The largest
sun shield ever made has been created for the Hubble Space Telescope's
successor. The enormous sun blocker will unfold in space into the size of a
tennis court, despite being hundreds of thousands of miles away from the help
of a human hand.
The
kite-shaped layers of the sun shield for NASA's James Webb Space Telescope
(JWST) will block out the sun's ultraviolet radiation and protect the machinery
from high-speed impacts of tiny space debris.
No other space
observatory has had such an enormous or membrane-based sun shield, said Mark
Clampin, NASA's Webb Telescope Observatory project scientist at Goddard Space
Flight Center in Greenbelt, Md. The Hubble Space Telescope is equipped with a
light shield, but it is nothing like the new sun shield in the works for the
Webb. In addition, other solar shields, such as the one aboard the infrared Spitzer
Space Telescope, are fixed and so don't need to be deployed once in orbit,
as the Webb will be.
"If
you could imagine, this would be like going outdoors applying sunscreen of 'SPF'
of 1.2 million on your skin," said Martin Mohan, program manager for the telescope
at Northrop Grumman in California. "Previous to this crucial technology,
materials with thermal properties that reflect the sun without being heated did
not exist."
The James
Webb Space Telescope, set for launch in 2013, will make observations mainly
in the infrared range of the electromagnetic spectrum, with some capability in
visible light. In space, JWST will reside in an orbit that's 1 million miles
(1.5 million km) from Earth at what is called the second Lagrange point.
Giant
sun blocker
Once it is erected,
the sun shield will sit below and perpendicular to the telescope's upright,
primary mirror, which will span 21.3 feet (6.5 meters) in diameter. (For
comparison, Hubble's
primary mirror measures about eight feet, or 2.4 meters, in diameter.) The sun
shield consists of five layers of Kapton (a mylar-like material made by DuPont)

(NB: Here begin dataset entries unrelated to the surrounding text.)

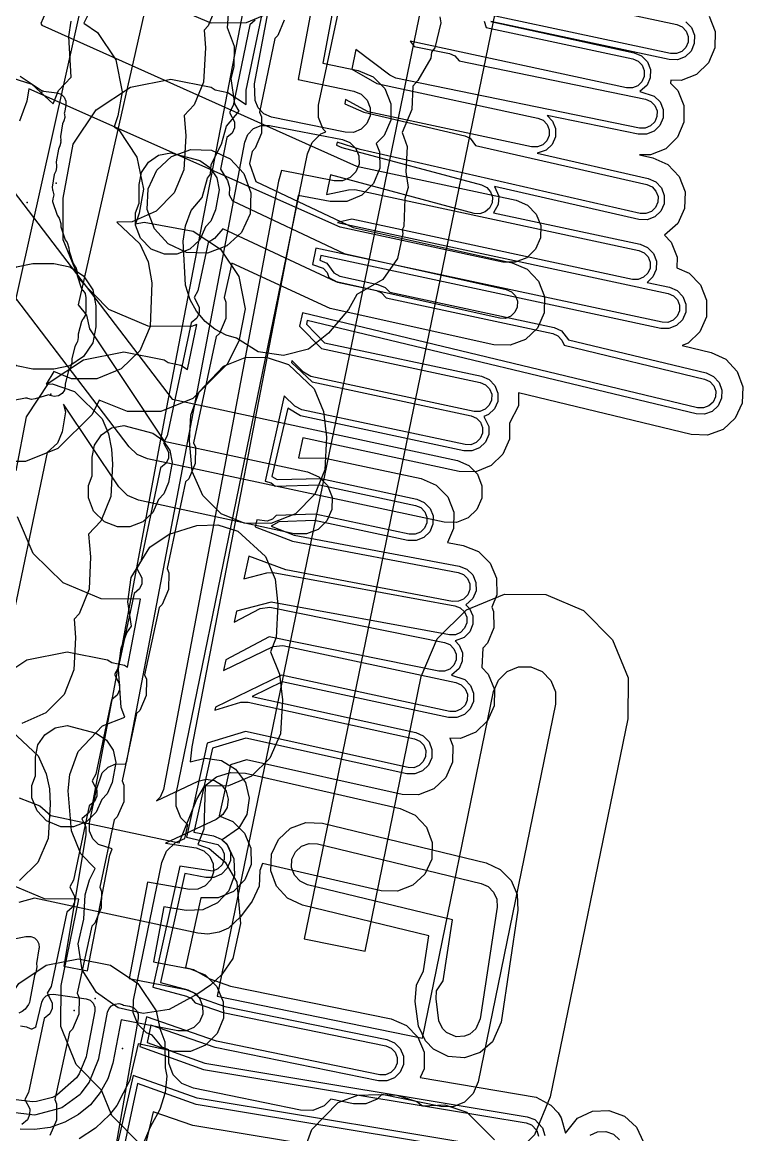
# Model space of a CAD drawing. Header units: metres. Extents: x 3158 to 3711, y 9867 to 11440.
# Drawn here: x 3373.3 to 3407.5, y 10720.9 to 10773.7 of the extents above; entities that cross this region are included whole.
import ezdxf

# ---------------------------------------------------------------- set-up
doc = ezdxf.new("R2010")
doc.units = ezdxf.units.M
for name, color, linetype in [('AI_GREENING_EXCLUSIONS', 1, 'Continuous'), ('AI_GREENING_LAWN', 82, 'Continuous'), ('AI_GREENING_REJECTED', 6, 'Continuous')]:
    doc.layers.add(name, color=color, linetype=linetype)

msp = doc.modelspace()

# ---------------------------------------------------------------- linework, layer by layer
at = {"layer": 'AI_GREENING_EXCLUSIONS'}
for points in [[(3391.779, 10794.324), (3387.534, 10771.726), (3389.206, 10771.378), (3389.924, 10771.074), (3390.471, 10770.517), (3390.764, 10769.794), (3390.757, 10769.013), (3390.452, 10768.295), (3390.065, 10767.914), (3390.231, 10767.518), (3390.235, 10766.738), (3389.94, 10766.016), (3389.391, 10765.461), (3388.671, 10765.159), (3387.891, 10765.155), (3386.371, 10765.45), (3381.321, 10739.273), (3381.236, 10738.563), (3381.956, 10738.741), (3382.728, 10738.625), (3383.396, 10738.221), (3383.859, 10737.593), (3384.047, 10736.836), (3383.93, 10736.064), (3383.527, 10735.396), (3382.765, 10734.87), (3382.982, 10734.67), (3383.31, 10733.962), (3383.341, 10733.182), (3383.072, 10732.449), (3382.543, 10731.876), (3381.834, 10731.548), (3381.054, 10731.517), (3379.989, 10731.685), (3379.503, 10729.078), (3381.233, 10728.749), (3381.955, 10728.454), (3382.51, 10727.905), (3382.812, 10727.185), (3382.815, 10726.405), (3382.52, 10725.682), (3381.971, 10725.128), (3381.251, 10724.826), (3380.471, 10724.822), (3378.768, 10725.185), (3378.366, 10723.426), (3377.761, 10722.252), (3377.418, 10721.815), (3376.749, 10721.181), (3375.978, 10720.683)], [(3390.796, 10794.606), (3386.37, 10770.946), (3389.002, 10770.399), (3389.361, 10770.247), (3389.635, 10769.969), (3389.781, 10769.607), (3389.778, 10769.217), (3389.625, 10768.858), (3389.347, 10768.584), (3388.985, 10768.438), (3388.595, 10768.441), (3385.104, 10769.167), (3384.744, 10769.319), (3384.471, 10769.597), (3384.325, 10769.959), (3384.296, 10770.741), (3388.833, 10794.776)], [(3385.294, 10782.22), (3380.1, 10755.302), (3376.595, 10736.526), (3376.457, 10736.176), (3376.105, 10735.858), (3376.284, 10735.483), (3376.294, 10735.098), (3375.24, 10728.87), (3376.377, 10728.654), (3377.426, 10734.146), (3377.544, 10734.439), (3376.893, 10734.643), (3376.615, 10734.921), (3376.465, 10735.284), (3376.467, 10735.677), (3376.789, 10737.252), (3376.789, 10737.252), (3377.072, 10738.044), (3377.348, 10738.32), (3377.709, 10738.47), (3378.18, 10738.453), (3378.239, 10738.598), (3383.827, 10767.981), (3383.975, 10768.342), (3384.25, 10768.619), (3384.609, 10768.77), (3385, 10768.772), (3388.462, 10768.1), (3388.823, 10767.953), (3389.1, 10767.678), (3389.251, 10767.318), (3389.253, 10766.928), (3389.106, 10766.567), (3388.831, 10766.29), (3388.471, 10766.139), (3388.081, 10766.137), (3385.579, 10766.632), (3385.432, 10766.13), (3379.969, 10737.258), (3379.822, 10736.897), (3379.65, 10736.722), (3381.624, 10737.649), (3382.003, 10737.742), (3382.388, 10737.684), (3382.722, 10737.482), (3382.954, 10737.168), (3383.048, 10736.79), (3382.989, 10736.404), (3382.788, 10736.07), (3382.474, 10735.838), (3380.068, 10734.709), (3381.521, 10734.48), (3381.887, 10734.346), (3382.174, 10734.081), (3382.337, 10733.727), (3382.353, 10733.337), (3382.218, 10732.971), (3381.954, 10732.684), (3381.6, 10732.52), (3381.21, 10732.505), (3379.217, 10732.863), (3378.342, 10728.281), (3381.042, 10727.767), (3381.404, 10727.62), (3381.681, 10727.345), (3381.832, 10726.985), (3381.834, 10726.595), (3381.686, 10726.234), (3381.411, 10725.957), (3381.052, 10725.806), (3380.661, 10725.804), (3377.968, 10726.327), (3377.57, 10724.265), (3377.335, 10723.53), (3376.974, 10722.869), (3376.504, 10722.297), (3375.941, 10721.825), (3375.299, 10721.462), (3374.596, 10721.222), (3373.847, 10721.116), (3373.17, 10721.14)], [(3372.084, 10756.592), (3377.382, 10780.301)], [(3380.305, 10779.625), (3375.929, 10760.256), (3376.315, 10759.772), (3376.46, 10759.123), (3380.014, 10753.784), (3386.812, 10752.326), (3387.349, 10752.094), (3387.757, 10751.674), (3387.973, 10751.13), (3387.964, 10750.545), (3387.732, 10750.007), (3387.312, 10749.6), (3386.768, 10749.384), (3386.183, 10749.393), (3378.789, 10750.979), (3378.26, 10751.205), (3377.855, 10751.614), (3375.237, 10755.546), (3375.325, 10755.176), (3375.172, 10754.227), (3374.942, 10753.689), (3374.45, 10753.249), (3370.613, 10734.901)], [(3393.13, 10778.951), (3382.519, 10727.444), (3392.264, 10725.447), (3395.638, 10741.91), (3395.865, 10742.45), (3396.281, 10742.861), (3396.823, 10743.082), (3397.409, 10743.078), (3397.948, 10742.851), (3398.36, 10742.435), (3398.58, 10741.893), (3398.577, 10741.308), (3394.902, 10723.375), (3394.674, 10722.836), (3394.258, 10722.424), (3393.716, 10722.203), (3393.131, 10722.207), (3390.336, 10722.78), (3390.113, 10722.559), (3389.571, 10722.339), (3388.985, 10722.342), (3387.915, 10722.561), (3387.597, 10722.248), (3387.055, 10722.027), (3386.47, 10722.031), (3381.392, 10723.074), (3380.853, 10723.302), (3380.441, 10723.718), (3380.221, 10724.26), (3380.235, 10724.896), (3379.906, 10725.034), (3379.436, 10725.596), (3379.436, 10725.596), (3379.172, 10725.707), (3378.761, 10726.124), (3378.541, 10726.666), (3378.545, 10727.252), (3379.896, 10733.796), (3380.124, 10734.335), (3380.541, 10734.746), (3380.994, 10734.93), (3381.128, 10735.582), (3380.797, 10735.916), (3380.576, 10736.458), (3380.579, 10737.043), (3386.802, 10767.421), (3387.03, 10767.961), (3387.447, 10768.372), (3387.675, 10768.464), (3387.544, 10768.598), (3387.325, 10769.14), (3387.33, 10769.726), (3389.277, 10778.838)], [(3372.984, 10752.375), (3373.469, 10754.94), (3374.552, 10756.562), (3376.175, 10757.646), (3378.088, 10758.027), (3380.001, 10757.646), (3380.201, 10757.513), (3380.803, 10757.393), (3381.119, 10757.183), (3381.558, 10759.316), (3381.303, 10759.226), (3379.246, 10759.242), (3377.377, 10760.04), (3375.983, 10761.454), (3375.212, 10763.338), (3375.212, 10765.317), (3375.697, 10767.882), (3376.781, 10769.504), (3378.403, 10770.588), (3380.316, 10770.968), (3382.23, 10770.588), (3382.429, 10770.455), (3383.032, 10770.335), (3383.898, 10769.756), (3383.904, 10770.438), (3385.459, 10777.915)], [(3396.348, 10777.238), (3386.652, 10730.17), (3389.538, 10729.578), (3392.209, 10742.613), (3392.966, 10744.411), (3394.354, 10745.782), (3396.161, 10746.518), (3398.111, 10746.507), (3399.909, 10745.75), (3401.281, 10744.363), (3402.017, 10742.556), (3402.006, 10740.605), (3398.33, 10722.672), (3397.573, 10720.874), (3396.186, 10719.503)], [(3391.769, 10776.248), (3404.332, 10773.553), (3404.583, 10773.444), (3404.773, 10773.248), (3404.874, 10772.995), (3404.87, 10772.722), (3404.761, 10772.471), (3404.565, 10772.281), (3404.312, 10772.18), (3404.039, 10772.184), (3391.431, 10774.888)], [(3376.53, 10774.286), (3376.2, 10773.617), (3376.849, 10773.184), (3377.716, 10771.886), (3378.02, 10770.355), (3377.815, 10769.23), (3377.637, 10768.707), (3377.85, 10768.564), (3378.717, 10767.267), (3379.022, 10765.736), (3378.817, 10764.611), (3378.641, 10764.091), (3379.059, 10764.174), (3381.384, 10763.758), (3382.681, 10762.891), (3383.548, 10761.593), (3383.853, 10760.062), (3383.548, 10758.531), (3383.004, 10757.435), (3381.37, 10755.811), (3379.847, 10755.191), (3378.264, 10755.191), (3376.916, 10755.738), (3376.59, 10755.057), (3374.956, 10753.434), (3373.434, 10752.814), (3371.85, 10752.814)], [(3385.343, 10774.241), (3383.898, 10773.636), (3382.237, 10773.621), (3380.651, 10774.284)], [(3393.091, 10773.914), (3393.138, 10773.63), (3392.843, 10772.446), (3392.693, 10772.249), (3392.659, 10771.956), (3392.048, 10770.9), (3391.802, 10770.625), (3391.756, 10769.531), (3391.296, 10768.438), (3391.545, 10767.765), (3391.479, 10766.566), (3391.577, 10765.826), (3391.428, 10765.303), (3391.383, 10763.976), (3391.296, 10763.809), (3391.331, 10763.641), (3391.083, 10762.447), (3390.38, 10761.45), (3389.145, 10760.747), (3388.753, 10760.039), (3387.808, 10758.911), (3386.85, 10758.155), (3385.671, 10757.843), (3384.465, 10758.026), (3383.433, 10758.672), (3382.956, 10758.813), (3382.413, 10759.099), (3381.96, 10759.459), (3381.536, 10759.954), (3381.238, 10760.487), (3381.021, 10761.186), (3380.906, 10763.276), (3380.906, 10763.276), (3381.023, 10764.003), (3381.284, 10764.727), (3381.806, 10765.346), (3382.058, 10766.273), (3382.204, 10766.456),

with aluminum and special silicon coatings to reflect the sun's heat back into
space.
While the
sun-facing side of the sun shield will block out sunlight, the other side
facing away from the sun will minimize light scattering as well as heat.
"The
other side of the telescope you think of as being dark," Clampin said. "But
when you're trying to find the first galaxies in the universe, even a small
amount of light that's scattering from different places on the telescope can
really hurt you."
Clampin
added, "And we're talking about infrared light here, so heat sources on
that side of the telescope can actually scatter light into the telescope and be
seen as a signal, so you have to be very careful."
Overall,
the sun shield will keep the telescope at a cryogenic minus 387 degrees
Fahrenheit (minus 233 degrees Celsius). Any warmer than that and the heat given
off from the telescope would corrupt the infrared observations.
"Infrared
is heat radiation. In order to see the faint glow of infrared heat from distant
stars and galaxies, the telescope has to be very cold," said Jonathan
Gardner, NASA's deputy senior project scientist for the Webb Telescope at
Goddard. "If the telescope were heated by sunlight or the warm glow of the
Earth, the infrared light emitted by the telescope would outshine its targets,
and it wouldn't be able to see anything."
New
technologies
The sun shield
technology is new in many more ways, its developers said.
For
instance, complete passive cooling, in which refrigerants aren't used to keep
temperatures down, is new to the field of telescopes and should keep JWST alive
for its mission lifetime of no less than five and a half years, with an
optimistic goal of 10 years, Clampin said. The other infrared observatories
relied on cryogens, such as liquid nitrogen or liquid helium as their primary
means of cooling, Clampin said.
"The
advantage of that is it gives you a pretty long lifetime for the telescope,"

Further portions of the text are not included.